Figure 1—source data 1. Effects of GIP1-42-mediated cAMP accumulation and binding affinity.

Figure 1.

Figure 1—figure supplement 1. Purification and characterization of the GIP1-42–GIPR–Gs–Nb35 complex.

Figure 1—figure supplement 1.

(A) Human GIPR constructs used for structure determination. The signal peptide of the GIPR was replaced by the HA signal peptide (blue). A BRIL fusion protein was added at the N terminus of the receptor, followed by a TEV protease site between them. GIPR was truncated at R421, followed by a 15 amino acid linker (15AA, dark blue) and LgBiT (green). The C terminus was modified with a TEV protease site and an OMBP-MBP (light green) tag. The mutation site at T345 was highlighted in red. (B) Gβ1 constructs used for structure determination. Rat Gβ1 (orange) was attached to peptide 86 (orange) with a 15AA linker (dark blue) between them. (C) Size-exclusion chromatography results of the GIP1-42–GIPR(22-421)Gs–Nb35 (black line) and GIP1-42–GIPR(22-421)(T345F)–Gs–Nb35 (red line) complexes on Superose 6 Increase 10/300GL. (D) SDS-PAGE of the GIP1-42–GIPR(22-421)Gs–Nb35 and GIP1-42–GIPR(22-421)(T345F)Gs–Nb35 complexes. (E) Size-exclusion chromatography results on Superose 6 Increase 10/300GL. (F) SDS–PAGE of the GIP1-42–GIPR–Gs–Nb35 complex. (G) cAMP responses following GIP1-42 stimulation in HEK 293T cells transfected with wild-type (WT, HA-Flag-3GSA-GIPR(22-466)) or truncated GIPR constructs (HA-Flag-3GSA-BRIL-TEV-2GSA-GIPR(22-421)T345F-15AA-LgBiT-TEV-2MBP). Signals were normalized to the maximum response of WT and dose–response curves were analyzed using a three-parameter logistic equation. (H) Binding of GIP1-42 to the full length (residues 22-466) or truncated (residues 22-421) GIPR in CHO-K1 cells in competition with [125I]-GIP1-42.
Figure 1—figure supplement 2. Cryo-EM analysis of the GIP1-42–GIPR–Gs complex.

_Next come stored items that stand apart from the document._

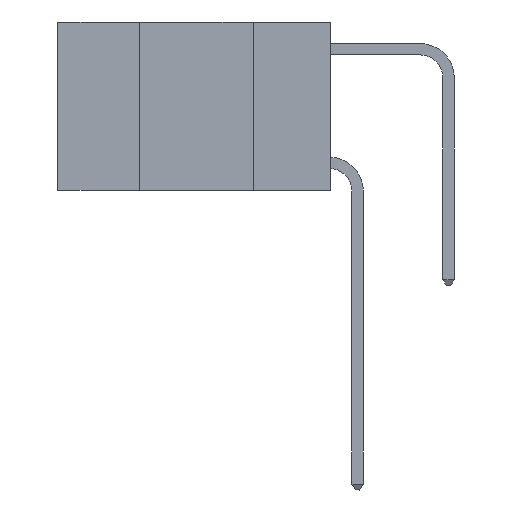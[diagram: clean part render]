
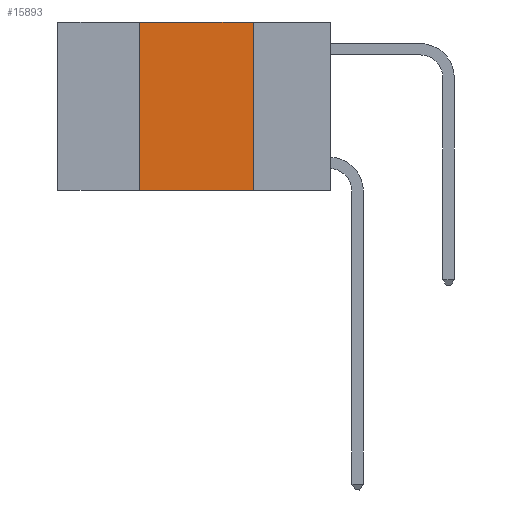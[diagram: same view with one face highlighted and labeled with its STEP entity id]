
A CAD part, left-side view. The second image highlights one B-rep face of the part: STEP entity #15893.
In plain terms, the highlighted planar face has unit normal (-1, 0, 0).
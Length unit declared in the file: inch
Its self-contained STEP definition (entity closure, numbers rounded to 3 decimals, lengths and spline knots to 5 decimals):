
#104 = CARTESIAN_POINT ( 'NONE',  ( 0., 0.42, 0. ) ) ;
#502 = DIRECTION ( 'NONE',  ( 0., -1., 0. ) ) ;
#852 = VECTOR ( 'NONE', #6865, 39.37008 ) ;
#1126 = EDGE_CURVE ( 'NONE', #1997, #4804, #11586, .T. ) ;
#1526 = DIRECTION ( 'NONE',  ( 0., 0., -1. ) ) ;
#1982 = CARTESIAN_POINT ( 'NONE',  ( 0., 0.6, -0.37 ) ) ;
#1997 = VERTEX_POINT ( 'NONE', #10135 ) ;
#3002 = DIRECTION ( 'NONE',  ( 0., 0., -1. ) ) ;
#3457 = CARTESIAN_POINT ( 'NONE',  ( 0., 0.6, 0. ) ) ;
#3461 = EDGE_CURVE ( 'NONE', #17192, #11692, #12773, .T. ) ;
#4804 = VERTEX_POINT ( 'NONE', #11432 ) ;
#5135 = FACE_OUTER_BOUND ( 'NONE', #14837, .T. ) ;
#5727 = EDGE_CURVE ( 'NONE', #11692, #1997, #8870, .T. ) ;
#6865 = DIRECTION ( 'NONE',  ( 0., 0., 1. ) ) ;
#6991 = CARTESIAN_POINT ( 'NONE',  ( 0., 0.17, 0. ) ) ;
#7179 = EDGE_CURVE ( 'NONE', #17192, #4804, #15902, .T. ) ;
#7290 = CARTESIAN_POINT ( 'NONE',  ( 0., 0.6, 0. ) ) ;
#7334 = VECTOR ( 'NONE', #3002, 39.37008 ) ;
#8683 = PLANE ( 'NONE',  #14867 ) ;
#8870 = LINE ( 'NONE', #3457, #9326 ) ;
#9326 = VECTOR ( 'NONE', #16225, 39.37008 ) ;
#9972 = CARTESIAN_POINT ( 'NONE',  ( 0., 0.42, -0.37 ) ) ;
#10135 = CARTESIAN_POINT ( 'NONE',  ( 0., 0.17, 0. ) ) ;
#10138 = DIRECTION ( 'NONE',  ( 1., 0., 0. ) ) ;
#10193 = CARTESIAN_POINT ( 'NONE',  ( 0., 0.42, 0. ) ) ;
#11432 = CARTESIAN_POINT ( 'NONE',  ( 0., 0.17, -0.37 ) ) ;
#11586 = LINE ( 'NONE', #6991, #7334 ) ;
#11692 = VERTEX_POINT ( 'NONE', #10193 ) ;
#12773 = LINE ( 'NONE', #104, #852 ) ;
#14837 = EDGE_LOOP ( 'NONE', ( #16329, #16817, #17117, #17450 ) ) ;
#14867 = AXIS2_PLACEMENT_3D ( 'NONE', #7290, #10138, #1526 ) ;
#15464 = VECTOR ( 'NONE', #502, 39.37008 ) ;
#15893 = ADVANCED_FACE ( 'NONE', ( #5135 ), #8683, .F. ) ;
#15902 = LINE ( 'NONE', #1982, #15464 ) ;
#16225 = DIRECTION ( 'NONE',  ( 0., -1., 0. ) ) ;
#16329 = ORIENTED_EDGE ( 'NONE', *, *, #1126, .F. ) ;
#16817 = ORIENTED_EDGE ( 'NONE', *, *, #5727, .F. ) ;
#17117 = ORIENTED_EDGE ( 'NONE', *, *, #3461, .F. ) ;
#17192 = VERTEX_POINT ( 'NONE', #9972 ) ;
#17450 = ORIENTED_EDGE ( 'NONE', *, *, #7179, .T. ) ;

Figure 1—figure supplement 2.

(A) Representative cryo-EM micrograph (scale bar: 50 nm) and two-dimensional class averages (scale bar: 5 nm). (B) Flow chart of cryo-EM data processing. Details are described in Materials and methods. (C) Local resolution distribution map of the GIP1-42–GIPR–Gs complex. (D) Gold-standard Fourier shell correlation (FSC) curves of overall refined receptor.
Figure 1—figure supplement 3. Atomic resolution model of the GIP1-42–GIPR–Gs complex in the cryo-EM density map.

Figure 1—figure supplement 3.

EM density map and model are shown for all seven transmembrane α-helices (A), ECD, helix eight, and all extracellular loops of GIPR, the α5-helix of the Gαs Ras-like domain and GIP1-42 (B). Insert in (A) is the close-up of the density of F3456.44b.